In this paper, we obtain global pointwise and ergodic convergence rates for a variable metric proximal alternating direction method of multipliers for solving linearly constrained convex optimization problems. We first propose and study nonasymptotic convergence rates of a variable metric hybrid proximal extragradient framework for solving monotone inclusions. Then, the convergence rates for the former method are obtained essentially by showing that it falls within the latter framework. To the best of our knowledge, this is the first time that global pointwise (resp. pointwise and ergodic) convergence rates are obtained for the variable metric proximal alternating direction method of multipliers (resp. variable metric hybrid proximal extragradient framework).

Appendix A Proofs of Theorems 3.1 and 3.2

We start by presenting the following two Lemmas.

Lemma A.1

For any \(z^*,z,z_+,\tilde{z}\in \mathscr {Z}\) and \(M\in \mathscr {M}^{\mathscr {Z}}_{+}\), we have

$$\begin{aligned}&\Vert z^*-z\Vert _{\mathscr {Z},\,M}^2 - \Vert z^*-z_+\Vert _{\mathscr {Z},\,M}^2 = \Vert z-\tilde{z}\Vert _{\mathscr {Z},M}^2\\&\quad -\Vert z_+-\tilde{z}\Vert _{\mathscr {Z},M}^2 +2\langle \tilde{z}-z^*, M(z-z_+) \rangle _{\mathscr {Z}}. \end{aligned}$$

Proof

Direct calculations yield

$$\begin{aligned} \Vert z^*-z\Vert _{\mathscr {Z},M}^2-\Vert z^*-z_+\Vert _{\mathscr {Z},M}^2&=2\langle z_+-z^*, M(z-z_+)\rangle _{\mathscr {Z}}+ \Vert z_+-z\Vert _{\mathscr {Z},\,M}^2\\&= 2\langle z_+-\tilde{z}, M(z-z_+)\rangle _{\mathscr {Z}}\\&\quad +\,2\langle \tilde{z}-z^*, M(z-z_+)\rangle _{\mathscr {Z}}+ \Vert z_+-z\Vert _{\mathscr {Z},M}^2 \\&= 2\langle \tilde{z}-z^*, M(z-z_+)\rangle _{\mathscr {Z}}\\&\quad + \,\Vert \tilde{z}-z\Vert _{\mathscr {Z},M}^2- \Vert \tilde{z}-z_{+}\Vert _{\mathscr {Z},M}^2.\; \end{aligned}$$

\(\square \)

Lemma A.2

Let \(\{z_k\}\), \(\{M_k\}\), \(\{\tilde{z}_k\}\) and \(\{\eta _k\}\) be generated by the variable metric HPE framework.

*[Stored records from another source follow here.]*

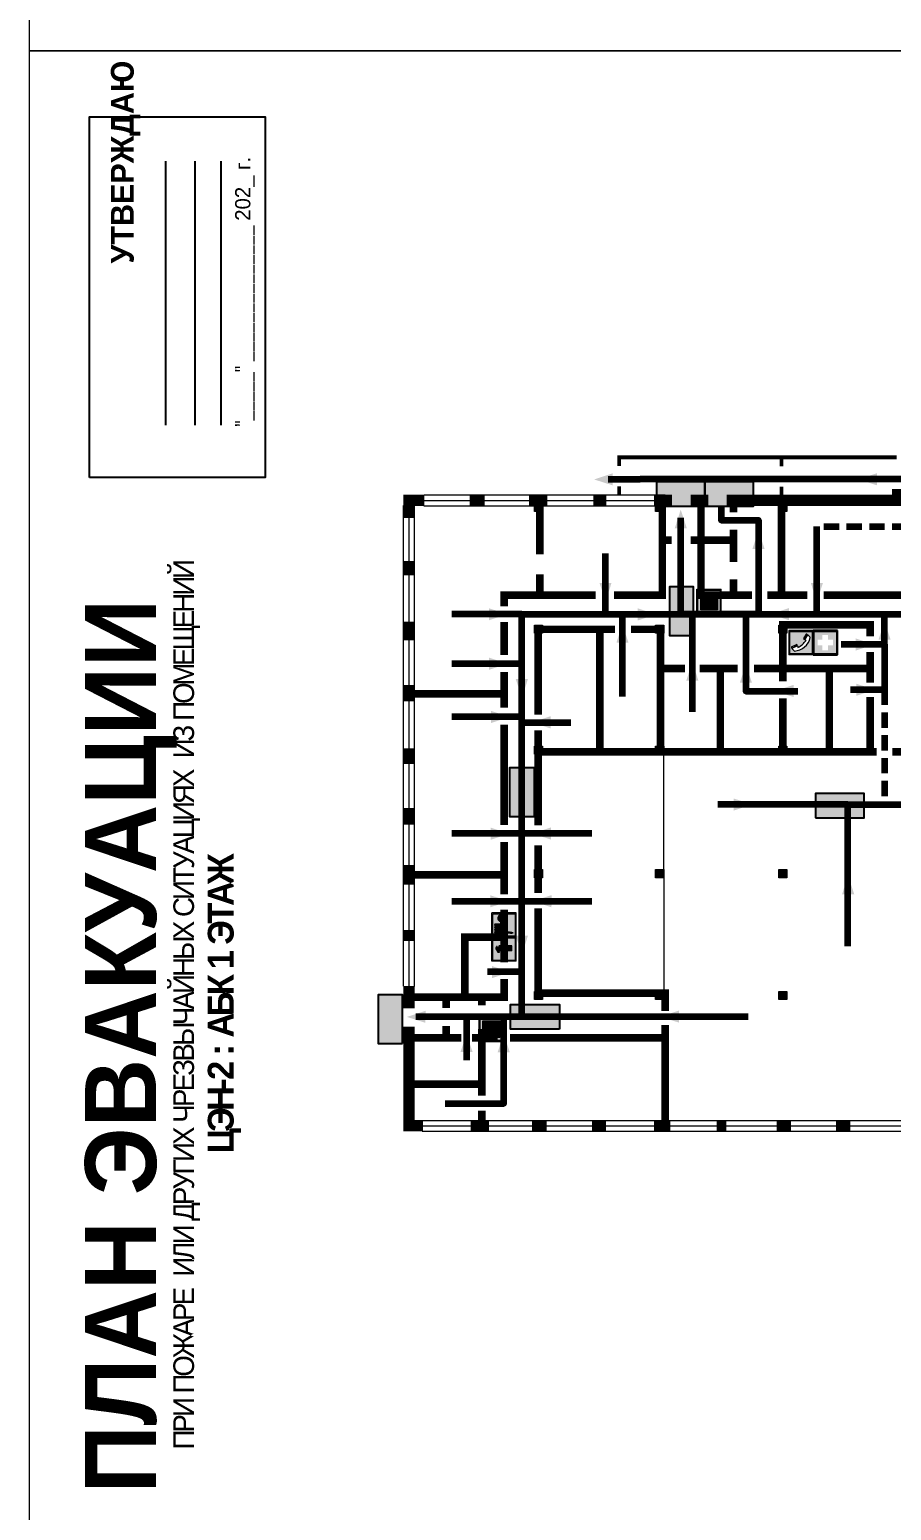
# Model space of a CAD drawing. Header units: millimetres. Extents: x 13810 to 67229, y 12374 to 21950.
# Drawn here: x 21121.1 to 21347.9, y 14953 to 15343 of the extents above; entities that cross this region are included whole.
import ezdxf

# ---------------------------------------------------------------- set-up
doc = ezdxf.new("R2010")
doc.units = ezdxf.units.MM
doc.linetypes.add('{ Wide Dash }', pattern=[12, 4, -2, 4, -2])
doc.layers.add('План_Штампы', color=7, linetype='Continuous')
doc.styles.add('обычный', font='arial.ttf')

# ---------------------------------------------------------------- blocks, each defined once
blk = doc.blocks.new('A$C7B4425F7')
at = {"true_color": 0xffffff}
blk.add_hatch(color=7, dxfattribs=at).paths.add_polyline_path([(0, 0), (-16, 0), (-16, -8), (0, -8)])
h = blk.add_hatch(color=126)
h.paths.add_polyline_path([(-0.2, -0.2), (-15.8, -0.2), (-15.8, -7.8), (-0.2, -7.8)])
h.paths.add_polyline_path([(-11.76, -2.03), (-11.76, -3.66), (-11.17, -3.66, -0.568275), (-11.17, -6.18), (-12.58, -6.18), (-12.58, -2.03)], flags=16)
h.paths.add_polyline_path([(-13.33, -4.12, -0.495768), (-13.59, -6.18), (-15.03, -6.18), (-15.03, -2.03), (-13.59, -2.03, -0.487973)], flags=16)
h.paths.add_polyline_path([(-10.25, -2.03), (-9.48, -2.03), (-9.48, -6.18), (-10.25, -6.18)], flags=16)
h.paths.add_polyline_path([(-13.84, -3.69), (-14.24, -3.69), (-14.24, -3.03), (-13.9, -3.03, -0.692621)], flags=0)
h.paths.add_polyline_path([(-9.15, -2.03), (-8.4, -2.03), (-8.04, -3.07), (-7.68, -2.03), (-6.93, -2.03), (-7.64, -4.1), (-6.93, -6.18), (-7.68, -6.18), (-8.04, -5.14), (-8.4, -6.18), (-9.15, -6.18), (-8.44, -4.1)], flags=16)
h.paths.add_polyline_path([(-11.76, -4.46), (-11.42, -4.46, -0.692621), (-11.36, -5.12), (-11.76, -5.12)], flags=0)
h.paths.add_polyline_path([(-13.9, -5.2), (-14.24, -5.2), (-14.24, -4.55), (-13.84, -4.55, -0.708038)], flags=0)
edge = h.paths.add_edge_path(flags=16)
edge.add_ellipse((-5.51, -4.08), major_axis=(0, 2.05), ratio=0.586184, start_angle=0, end_angle=360)
edge = h.paths.add_edge_path(flags=0)
edge.add_ellipse((-5.51, -4.08), major_axis=(0, 1.14), ratio=0.454828, start_angle=0, end_angle=360)
h.paths.add_polyline_path([(-4.13, -4.96, 0.377264), (-3.48, -4.52, 0.0555), (-3.16, -2.03), (-1.66, -2.03), (-1.66, -4.96), (-0.96, -4.96), (-0.96, -7.01), (-1.75, -7.01), (-1.75, -6.18), (-3.3, -6.18), (-3.3, -7.02), (-4.13, -7.02)], flags=16)
h.paths.add_polyline_path([(-2.73, -2.91), (-2.28, -2.91), (-2.28, -4.96), (-3.05, -4.96, 0.079136)], flags=0)
at = {"color": 126}
blk.add_lwpolyline([(-16, -8), (0, -8), (0, 0), (-16, 0)], close=True, dxfattribs=at)
blk = doc.blocks.new('A$C32E8229D')
at = {"true_color": 0xffffff}
blk.add_hatch(color=7, dxfattribs=at).paths.add_polyline_path([(0, 0), (0, -8), (16, -8), (16, 0)])
h = blk.add_hatch(color=126)
h.paths.add_polyline_path([(0.2, -0.2), (15.8, -0.2), (15.8, -7.8), (0.2, -7.8)])
h.paths.add_polyline_path([(13.49, -2.05), (12.08, -2.05), (11.37, -2.63, 0.162397), (11.29, -2.84), (11.29, -3.63), (10.35, -3.63), (10.35, -4.05), (11.68, -4.05), (11.68, -3.48), (12.26, -4.28), (11.29, -5.1), (11.29, -6.78), (11.85, -6.78), (11.85, -5.44), (12.8, -4.64), (12.8, -5.94), (14.46, -5.94), (14.46, -5.39), (13.45, -5.39), (13.45, -3.97), (12.46, -2.59), (13.15, -2.59), (13.69, -3.34), (14.18, -3)], flags=16)
h.paths.add_polyline_path([(10.74, -1.82, 1), (11.8, -1.82, 1)], flags=16)
h.paths.add_polyline_path([(9.39, -3.59), (5.99, -3.59), (6.56, -3.03), (5.91, -3.03), (5.1, -3.83), (5.91, -4.64), (6.56, -4.64), (5.99, -4.09), (9.39, -4.09)], flags=16)
h.paths.add_polyline_path([(4.29, -1.08), (1.72, -1.08), (1.72, -6.6), (4.29, -6.6)], flags=16)
at = {"color": 126}
blk.add_lwpolyline([(16, -8), (0, -8), (0, 0), (16, 0)], close=True, dxfattribs=at)
blk = doc.blocks.new('A$C54414219')
at = {"true_color": 0xffffff}
h = blk.add_hatch(color=7, dxfattribs=at)
h.paths.add_polyline_path([(2.39, -9.45), (2.39, -18.3), (11.23, -18.3), (11.23, -9.45)], flags=0)
h.paths.add_polyline_path([(10.71, -13.87, -1), (2.92, -13.87, -1)], flags=0)
h.paths.add_polyline_path([(8.3, -13.87, -1), (5.33, -13.87, -1)], flags=0)
h.paths.add_polyline_path([(0.41, -7.47), (0.41, -20.27), (13.21, -20.27), (13.21, -7.47)])
h.paths.add_polyline_path([(0.92, -19.77), (12.71, -19.77), (12.71, -7.98), (0.92, -7.98)], flags=16)
h.paths.add_polyline_path([(11.23, -9.45), (11.23, -18.3), (2.39, -18.3), (2.39, -9.45)], flags=0)
at = {"lineweight": 5}
h = blk.add_hatch(color=242, dxfattribs=at)
h.paths.add_polyline_path([(12.71, -7.98), (0.92, -7.98), (0.92, -19.77), (12.71, -19.77)])
h.paths.add_polyline_path([(11.23, -18.3), (2.39, -18.3), (2.39, -9.45), (11.23, -9.45)], flags=16)
h.paths.add_polyline_path([(10.71, -13.87, -1), (2.92, -13.87, -1)], flags=0)
h.paths.add_polyline_path([(8.3, -13.87, -1), (5.33, -13.87, -1)], flags=0)
at = {"true_color": 0xffffff}
h = blk.add_hatch(color=7, dxfattribs=at)
h.paths.add_polyline_path([(2.39, -9.45), (2.39, -18.3), (11.23, -18.3), (11.23, -9.45)])
h.paths.add_polyline_path([(10.71, -13.87, -1), (2.92, -13.87, -1)], flags=16)
h.paths.add_polyline_path([(8.3, -13.87, -1), (5.33, -13.87, -1)], flags=0)
at = {"lineweight": 5}
h = blk.add_hatch(color=242, dxfattribs=at)
h.paths.add_polyline_path([(2.92, -13.87, 1), (10.71, -13.87, 1)])
h.paths.add_polyline_path([(8.3, -13.87, -1), (5.33, -13.87, -1)], flags=16)
at = {"color": 242, "lineweight": 5}
for p, q in [((0.41, -20.27), (0.41, -7.47)), ((0.41, -7.47), (13.21, -7.47)), ((0.41, -7.47), (13.21, -7.47)), ((13.21, -20.27), (13.21, -7.47)), ((0.41, -20.27), (13.21, -20.27))]:
    blk.add_line(p, q, dxfattribs=at)
for points in [[(0.92, -7.98), (12.71, -7.98), (12.71, -19.77), (0.92, -19.77)], [(2.39, -9.45), (11.23, -9.45), (11.23, -18.3), (2.39, -18.3)]]:
    blk.add_lwpolyline(points, close=True, dxfattribs=at)
for radius in [3.89, 1.49]:
    blk.add_circle((6.81, -13.87), radius, dxfattribs=at)
blk = doc.blocks.new('A$C18900ED3')
h = blk.add_hatch(color=126)
h.paths.add_polyline_path([(-0.18, -0.18), (-7.02, -0.18), (-7.02, -7.02), (-0.18, -7.02)])
h.paths.add_polyline_path([(-5.89, -4.46), (-5.89, -2.77), (-4.46, -2.77), (-4.46, -1.31), (-2.77, -1.31), (-2.77, -2.77), (-1.33, -2.77), (-1.33, -4.46), (-2.77, -4.46), (-2.77, -5.89), (-4.46, -5.89), (-4.46, -4.46)], flags=16)
at = {"color": 126}
for p, q in [((-7.2, 0), (-7.2, -7.2)), ((0, 0), (-7.2, 0)), ((0, -7.2), (0, 0)), ((-7.02, -7.02), (-7.02, -0.18)), ((-7.02, -0.18), (-0.18, -0.18)), ((-0.18, -0.18), (-0.18, -7.02)), ((-7.2, -7.2), (0, -7.2)), ((-0.18, -7.02), (-7.02, -7.02))]:
    blk.add_line(p, q, dxfattribs=at)
blk = doc.blocks.new('A$C3AD82952')
at = {"true_color": 0xf5f5ff}
h = blk.add_hatch(color=7, dxfattribs=at)
h.dxf.hatch_style = 1
h.paths.add_polyline_path([(8.21, 8.73, 0.414214), (7.89, 9.05), (7.22, 9.05), (7.22, 9.92), (7.59, 9.92, 1), (7.57, 10.36), (7.22, 10.36), (7.22, 10.6), (6.43, 10.6), (6.43, 10.36), (6.01, 10.36), (4.74, 9.59), (4.74, 8.69), (4.98, 8.73), (4.98, 9.26), (6.12, 9.91), (6.43, 9.91), (6.43, 9.05), (5.76, 9.05, 0.414214), (5.44, 8.73), (5.44, 2.2), (8.21, 2.2)], flags=0)
h.paths.add_polyline_path([(12.8, 12.8), (0, 12.8), (0, 0), (12.8, 0)])
h.paths.add_polyline_path([(0.51, 12.29), (12.29, 12.29), (12.29, 0.51), (0.51, 0.51)], flags=16)
h.paths.add_polyline_path([(4.74, 9.59), (6.01, 10.36), (6.43, 10.36), (6.43, 10.6), (7.22, 10.6), (7.22, 10.36), (7.59, 10.36, -0.94586), (7.59, 9.92), (7.22, 9.92), (7.22, 9.05), (7.89, 9.05, -0.414214), (8.21, 8.73), (8.21, 2.2), (5.44, 2.2), (5.44, 8.73, -0.414214), (5.76, 9.05), (6.43, 9.05), (6.43, 9.91), (6.12, 9.91), (4.98, 9.26), (4.98, 8.73), (4.74, 8.69)], flags=0)
h = blk.add_hatch(color=242)
h.dxf.hatch_style = 1
h.paths.add_polyline_path([(12.29, 12.29), (0.51, 12.29), (0.51, 0.51), (12.29, 0.51)])
h.paths.add_polyline_path([(4.74, 8.69), (4.74, 9.59), (6.01, 10.36), (6.43, 10.36), (6.43, 10.6), (7.22, 10.6), (7.22, 10.36), (7.59, 10.36, -0.94586), (7.59, 9.92), (7.22, 9.92), (7.22, 9.05), (7.89, 9.05, -0.414214), (8.21, 8.73), (8.21, 2.2), (5.44, 2.2), (5.44, 8.73, -0.414214), (5.76, 9.05), (6.43, 9.05), (6.43, 9.91), (6.12, 9.91), (4.98, 9.26), (4.98, 8.73)], flags=16)
h = blk.add_hatch(color=7, dxfattribs=at)
h.dxf.hatch_style = 1
h.paths.add_polyline_path([(8.21, 8.73, 0.414214), (7.89, 9.05), (7.22, 9.05), (7.22, 9.92), (7.59, 9.92, 1), (7.57, 10.36), (7.22, 10.36), (7.22, 10.6), (6.43, 10.6), (6.43, 10.36), (6.01, 10.36), (4.74, 9.59), (4.74, 8.69), (4.98, 8.73), (4.98, 9.26), (6.12, 9.91), (6.43, 9.91), (6.43, 9.05), (5.76, 9.05, 0.414214), (5.44, 8.73), (5.44, 2.2), (8.21, 2.2)])
at = {"color": 242, "lineweight": 5}
for p, q in [((0, 0), (0, 12.8)), ((0, 12.8), (12.8, 12.8)), ((6.01, 10.36), (4.74, 9.59)), ((4.74, 9.59), (4.74, 8.69)), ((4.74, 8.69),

For every \(k \ge 1\) and \(z^* \in T^{-1}(0):\)

1. (a)

   we have

   $$\begin{aligned} \Vert z^*-z_{k}\Vert _{\mathscr {Z},M_k}^2\le \Vert z^*-z_{k-1}\Vert _{\mathscr {Z},M_k}^2 +\eta _{k-1}-\eta _{k}-(1 - \sigma ) \Vert z_{k-1}-\tilde{z}_k\Vert _{\mathscr {Z},M_k}^2; \end{aligned}$$
2. (b)

   we have

   $$\begin{aligned}&\Vert z^*-z_{k}\Vert _{\mathscr {Z},M_k}^2+\eta _k+(1-\sigma ) \displaystyle \sum _{i=1}^k\Vert z_{i-1}-\tilde{z}_i\Vert _{\mathscr {Z},M_i}^2 \\&\quad \le C_P (\Vert z^*-z_{0}\Vert _{\mathscr {Z},M_0}^2 + \eta _{0})\,, \end{aligned}$$

   where \(C_P\) and \(M_0\) are as in (11) and condition C1, respectively.

Proof

1. (a)

   From Lemma A.1 with \((z,z_+,\tilde{z})=(z_{k-1},z_k,\tilde{z}_k)\) and \(M=M_k\), (12) and (13), we obtain

   $$\begin{aligned}&\Vert z^*-z_{k-1}\Vert _{\mathscr {Z},M_k}^2 - \Vert z^*-z_{k}\Vert _{\mathscr {Z},M_k}^2 +\eta _{k-1}\\&\quad \ge (1-\sigma ) \Vert z_{k-1}-\tilde{z}_k\Vert _{\mathscr {Z},M_k}^2+\eta _k + 2\langle \tilde{z}_k-z^*, r_k\rangle . \end{aligned}$$

   Hence, (a) follows from the above inequality, the fact that \(0 \in T(z^*)\) and \(r_k \in T(\tilde{z}_k)\) (see (12)), and the monotonicity of T.

2. (b)

   Using (a), (3) and condition C1, we find

   $$\begin{aligned}&\Vert z^*-z_{k}\Vert _{\mathscr {Z},M_k}^2 \le (1+c_{k-1})\Vert z^*-z_{k-1}\Vert _{\mathscr {Z},\,M_{k-1}}^2\\&\quad +\,\eta _{k-1}-\eta _{k}-(1 - \sigma ) \Vert z_{k-1}-\tilde{z}_k\Vert _{\mathscr {Z},\,M_k}^2. \end{aligned}$$

   Thus, the result follows by applying the above inequality recursively and by using (11).\(\square \)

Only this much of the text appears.